• **Task requirements**
Each line that includes the word "drawing" should be copied from the records.

• **Excerpted data**

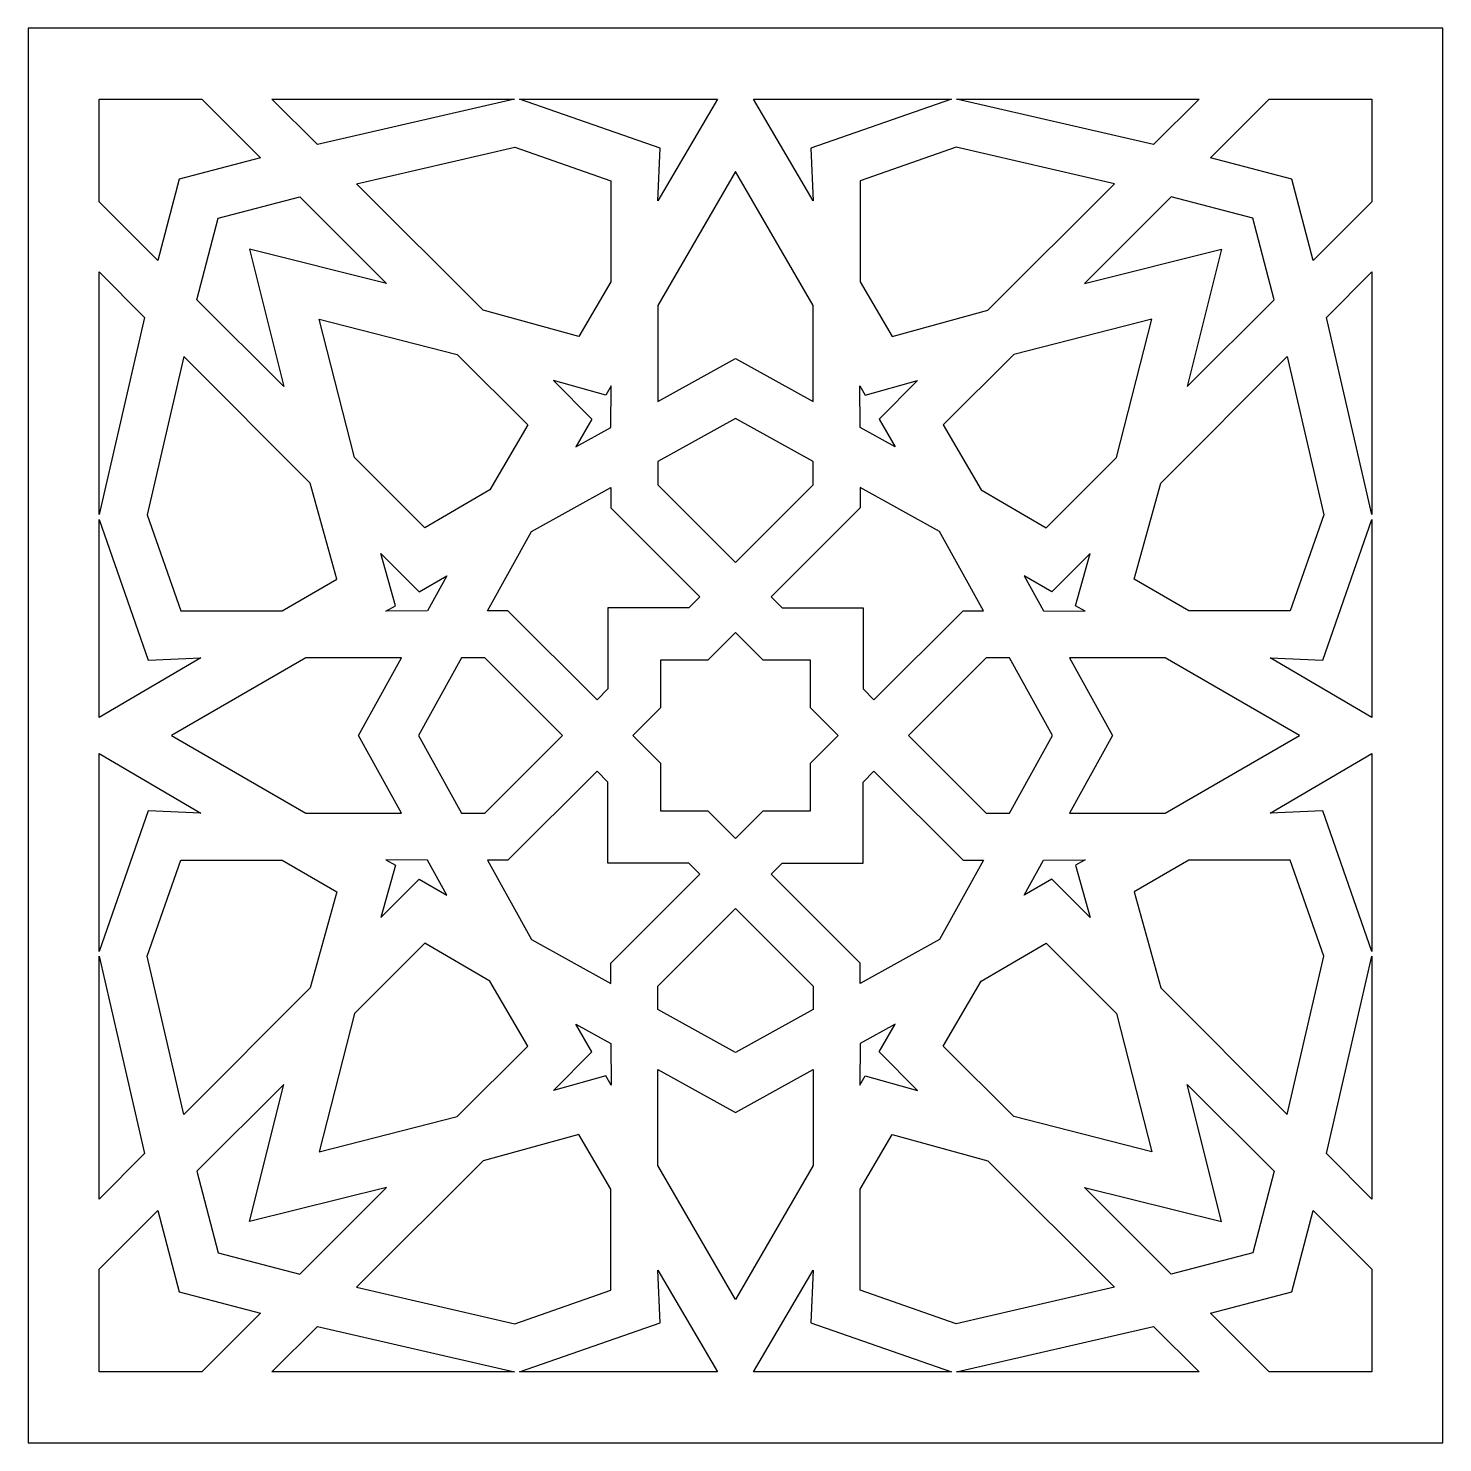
# Model space of a CAD drawing. Extents: x -24 to 26, y -118.9 to -68.9.
import ezdxf

# ---------------------------------------------------------------- set-up
doc = ezdxf.new("R2010")
doc.units = 0
doc.header["$MEASUREMENT"] = 0
doc.layers.add('LAYER_1', color=18, linetype='CONTINUOUS')

msp = doc.modelspace()

# ---------------------------------------------------------------- linework, layer by layer
at = {"layer": 'LAYER_1'}
for points in [[(-24.0193, -118.8715), (25.9807, -118.8715), (25.9807, -68.8715), (-24.0193, -68.8715)], [(-21.5193, -71.3713), (-17.8848, -71.3713), (-15.8091, -73.4466), (-18.689, -74.2015), (-19.4436, -77.0849), (-21.5193, -75.0097)], [(-15.4123, -71.3713), (-6.8271, -71.3713), (-13.8006, -72.9828)], [(-6.6525, -71.3713), (0.3437, -71.3713), (-1.7692, -74.9753), (-1.6865, -73.111)], [(1.6177, -71.3713), (8.6139, -71.3713), (3.6479, -73.111), (3.7306, -74.9753)], [(8.7885, -71.3713), (17.3737, -71.3713), (15.762, -72.9828)], [(19.8462, -71.3713), (23.4807, -71.3713), (23.4807, -75.0097), (21.405, -77.0849), (20.6504, -74.2015), (17.7705, -73.4466)], [(-12.4156, -74.3676), (-6.8159, -73.0743), (-3.4304, -74.2602), (-3.4304, -77.8389), (-4.5517, -79.7717), (-7.9444, -78.8379)], [(14.377, -74.3676), (8.7773, -73.0743), (5.3918, -74.2602), (5.3918, -77.8389), (6.5131, -79.7717), (9.9058, -78.8379)], [(0.9807, -80.5442), (3.7306, -82.0638), (3.7306, -78.6762), (0.9807, -73.9359), (-1.7692, -78.6762), (-1.7692, -82.0638)], [(-17.3103, -75.5784), (-14.424, -74.8314), (-11.3562, -77.8987), (-16.2031, -76.6851), (-14.9907, -81.5369), (-18.0586, -78.4696)], [(19.2717, -75.5784), (16.3854, -74.8314), (13.3176, -77.8987), (18.1645, -76.6851), (16.9521, -81.5369), (20.02, -78.4696)], [(-21.5193, -86.065), (-21.5193, -77.4816), (-19.9076, -79.0931)], [(23.4807, -77.4816), (23.4807, -86.065), (21.869, -79.0931)], [(-13.7345, -79.1533), (-8.8539, -80.4004), (-6.3618, -82.892), (-7.7036, -85.1856), (-9.9964, -86.5302), (-12.4884, -84.0386)], [(15.6959, -79.1533), (10.8153, -80.4004), (8.3232, -82.892), (9.665, -85.1856), (11.9578, -86.5302), (14.4498, -84.0386)], [(-18.5225, -80.4777), (-19.816, -86.0763), (-18.6298, -89.4612), (-15.0505, -89.4612), (-13.1173, -88.3401), (-14.0514, -84.948)], [(20.4839, -80.4777), (21.7774, -86.0763), (20.5912, -89.4612), (17.0119, -89.4612), (15.0787, -88.3401), (16.0128, -84.948)], [(-5.4542, -81.3274), (-4.0954, -82.6861), (-4.6616, -83.662), (-3.4304, -82.9817), (-3.4155, -81.5139), (-3.6073, -81.8447)], [(7.4156, -81.3274), (6.0568, -82.6861), (6.623, -83.662), (5.3918, -82.9817), (5.3769, -81.5139), (5.5687, -81.8447)], [(0.9807, -87.7561), (1.003, -87.7339), (3.7306, -85.0119), (3.7306, -84.1853), (0.9807, -82.6657), (-1.7692, -84.1853), (-1.7692, -85.0119), (0.9584, -87.7339)], [(-6.2291, -86.6605), (-3.4304, -85.1033), (-3.4304, -85.823), (-0.2804, -88.9723), (-0.6649, -89.3567), (-3.5334, -89.3567), (-3.5303, -89.3598), (-3.5303, -92.2261), (-3.9148, -92.6105), (-7.0649, -89.4612), (-7.7847, -89.4612)], [(8.1905, -86.6605), (5.3918, -85.1033), (5.3918, -85.823), (2.2418, -88.9723), (2.6263, -89.3567), (5.4948, -89.3567), (5.4917, -89.3598), (5.4917, -92.2261), (5.8762, -92.6105), (9.0263, -89.4612), (9.7461, -89.4612)], [(-21.5193, -93.2344), (-21.5193, -86.2396), (-19.7794, -91.2047), (-17.9146, -91.122)], [(23.4807, -86.2396), (23.4807, -93.2344), (19.876, -91.122), (21.7408, -91.2047)], [(-11.5612, -87.4377), (-10.2023, -88.7962), (-9.2262, -88.2301), (-9.9067, -89.4612), (-11.3747, -89.476), (-11.0439, -89.2842)], [(13.5226, -87.4377), (12.1637, -88.7962), (11.1876, -88.2301), (11.8681, -89.4612), (13.3361, -89.476), (13.0053, -89.2842)], [(4.6151, -93.8713), (3.6345, -92.8909), (3.6345, -91.2137), (1.9614, -91.2137), (0.9807, -90.2331), (0, -91.2137), (-1.6731, -91.2137), (-1.6731, -92.8909), (-2.6537, -93.8713), (-1.6731, -94.8517), (-1.6731, -96.5291), (0, -96.5291), (0.9807, -97.5095), (1.9614, -96.5291), (3.6345, -96.5291), (3.6345, -94.8517)], [(-12.3446, -93.8713), (-10.8248, -91.122), (-14.213, -91.122), (-18.9542, -93.8713), (-14.213, -96.6207), (-10.8248, -96.6207)], [(-5.1313, -93.8713), (-5.1536, -93.849), (-7.8761, -91.122), (-8.7028, -91.122), (-10.2227, -93.8713), (-8.7028, -96.6207), (-7.8761, -96.6207), (-5.1536, -93.8936)], [(12.1841, -93.8713), (10.6642, -91.122), (9.8375, -91.122), (7.115, -93.849), (7.0927, -93.8713), (7.115, -93.8936), (9.8375, -96.6207), (10.6642, -96.6207)], [(20.9156, -93.8713), (16.1744, -91.122), (12.7862, -91.122), (14.306, -93.8713), (12.7862, -96.6207), (16.1744, -96.6207)], [(-21.5193, -101.5032), (-21.5193, -94.5082), (-17.9146, -96.6207), (-19.7794, -96.5381)], [(23.4807, -94.5082), (23.4807, -101.5032), (21.7408, -96.5381), (19.876, -96.6207)], [(-6.2291, -101.0823), (-3.4304, -102.6395), (-3.4304, -101.9198), (-0.2804, -98.7704), (-0.6649, -98.3859), (-3.5334, -98.3859), (-3.5303, -98.3828), (-3.5303, -95.5167), (-3.9148, -95.1322), (-7.0649, -98.2816), (-7.7847, -98.2816)], [(8.1905, -101.0823), (5.3918, -102.6395), (5.3918, -101.9198), (2.2418, -98.7704), (2.6263, -98.3859), (5.4948, -98.3859), (5.4917, -98.3828), (5.4917, -95.5167), (5.8762, -95.1322), (9.0263, -98.2816), (9.7461, -98.2816)], [(-18.5225, -107.2649), (-19.816, -101.6665), (-18.6298, -98.2816), (-15.0505, -98.2816), (-13.1173, -99.4026), (-14.0514, -102.7947)], [(-11.5612, -100.3051), (-10.2023, -98.9464), (-9.2262, -99.5125), (-9.9067, -98.2816), (-11.3747, -98.2666), (-11.0439, -98.4584)], [(13.5226, -100.3051), (12.1637, -98.9464), (11.1876, -99.5125), (11.8681, -98.2816), (13.3361, -98.2666), (13.0053, -98.4584)], [(20.4839, -107.2649), (21.7774, -101.6665), (20.5912, -98.2816), (17.0119, -98.2816), (15.0787, -99.4026), (16.0128, -102.7947)], [(0.9807, -99.9866), (1.003, -100.0089), (3.7306, -102.7309), (3.7306, -103.5575), (0.9807, -105.0769), (-1.7692, -103.5575), (-1.7692, -102.7309), (0.9584, -100.0089)], [(-13.7345, -108.5893), (-8.8539, -107.3423), (-6.3618, -104.8507), (-7.7036, -102.5572), (-9.9964, -101.2124), (-12.4884, -103.7041)], [(15.6959, -108.5893), (10.8153, -107.3423), (8.3232, -104.8507), (9.665, -102.5572), (11.9578, -101.2124), (14.4498, -103.7041)], [(-21.5193, -110.261), (-21.5193, -101.6776), (-19.9076, -108.6497)], [(23.4807, -101.6776), (23.4807, -110.261), (21.869, -108.6497)], [(-5.4542, -106.4152), (-4.0954, -105.0567), (-4.6616, -104.0808), (-3.4304, -104.7611), (-3.4155, -106.2289), (-3.6073, -105.8981)], [(7.4156, -106.4152), (6.0568, -105.0567), (6.623, -104.0808), (5.3918, -104.7611), (5.3769, -106.2289), (5.5687, -105.8981)], [(0.9807, -107.1984), (3.7306, -105.679), (3.7306, -109.0665), (0.9807, -113.8067), (-1.7692, -109.0665), (-1.7692, -105.679)], [(-17.3103, -112.1643), (-14.424, -112.9114), (-11.3562, -109.8441), (-16.2031, -111.0575), (-14.9907, -106.2059), (-18.0586, -109.2732)], [(19.2717, -112.1643), (16.3854, -112.9114), (13.3176, -109.8441), (18.1645, -111.0575), (16.9521, -106.2059), (20.02, -109.2732)], [(-12.4156, -113.3752), (-6.8159, -114.6684), (-3.4304, -113.4825), (-3.4304, -109.9039), (-4.5517, -107.9711), (-7.9444, -108.9049)], [(14.377, -113.3752), (8.7773, -114.6684), (5.3918, -113.4825), (5.3918, -109.9039), (6.5131, -107.9711), (9.9058, -108.9049)], [(-17.8848, -116.3714), (-21.5193, -116.3714), (-21.5193, -112.7331), (-19.4436, -110.6578), (-18.689, -113.5411), (-15.8091, -114.296)], [(23.4807, -112.7331), (23.4807, -116.3714), (19.8462, -116.3714), (17.7705, -114.296), (20.6504, -113.5411), (21.405, -110.6578)], [(0.3437, -116.3714), (-6.6525, -116.3714), (-1.6865, -114.6317), (-1.7692, -112.7675)], [(8.6139, -116.3714), (1.6177, -116.3714), (3.7306, -112.7675), (3.6479, -114.6317)], [(-6.8271, -116.3714), (-15.4123, -116.3714), (-13.8006, -114.7599)], [(17.3737, -116.3714), (8.7885, -116.3714), (15.762, -114.7599)]]:
    msp.add_lwpolyline(points, close=True, dxfattribs=at)

doc.saveas('drawing.dxf')

• **Output of the task**
# Model space of a CAD drawing. Extents: x -24 to 26, y -118.9 to -68.9.
doc.saveas('drawing.dxf')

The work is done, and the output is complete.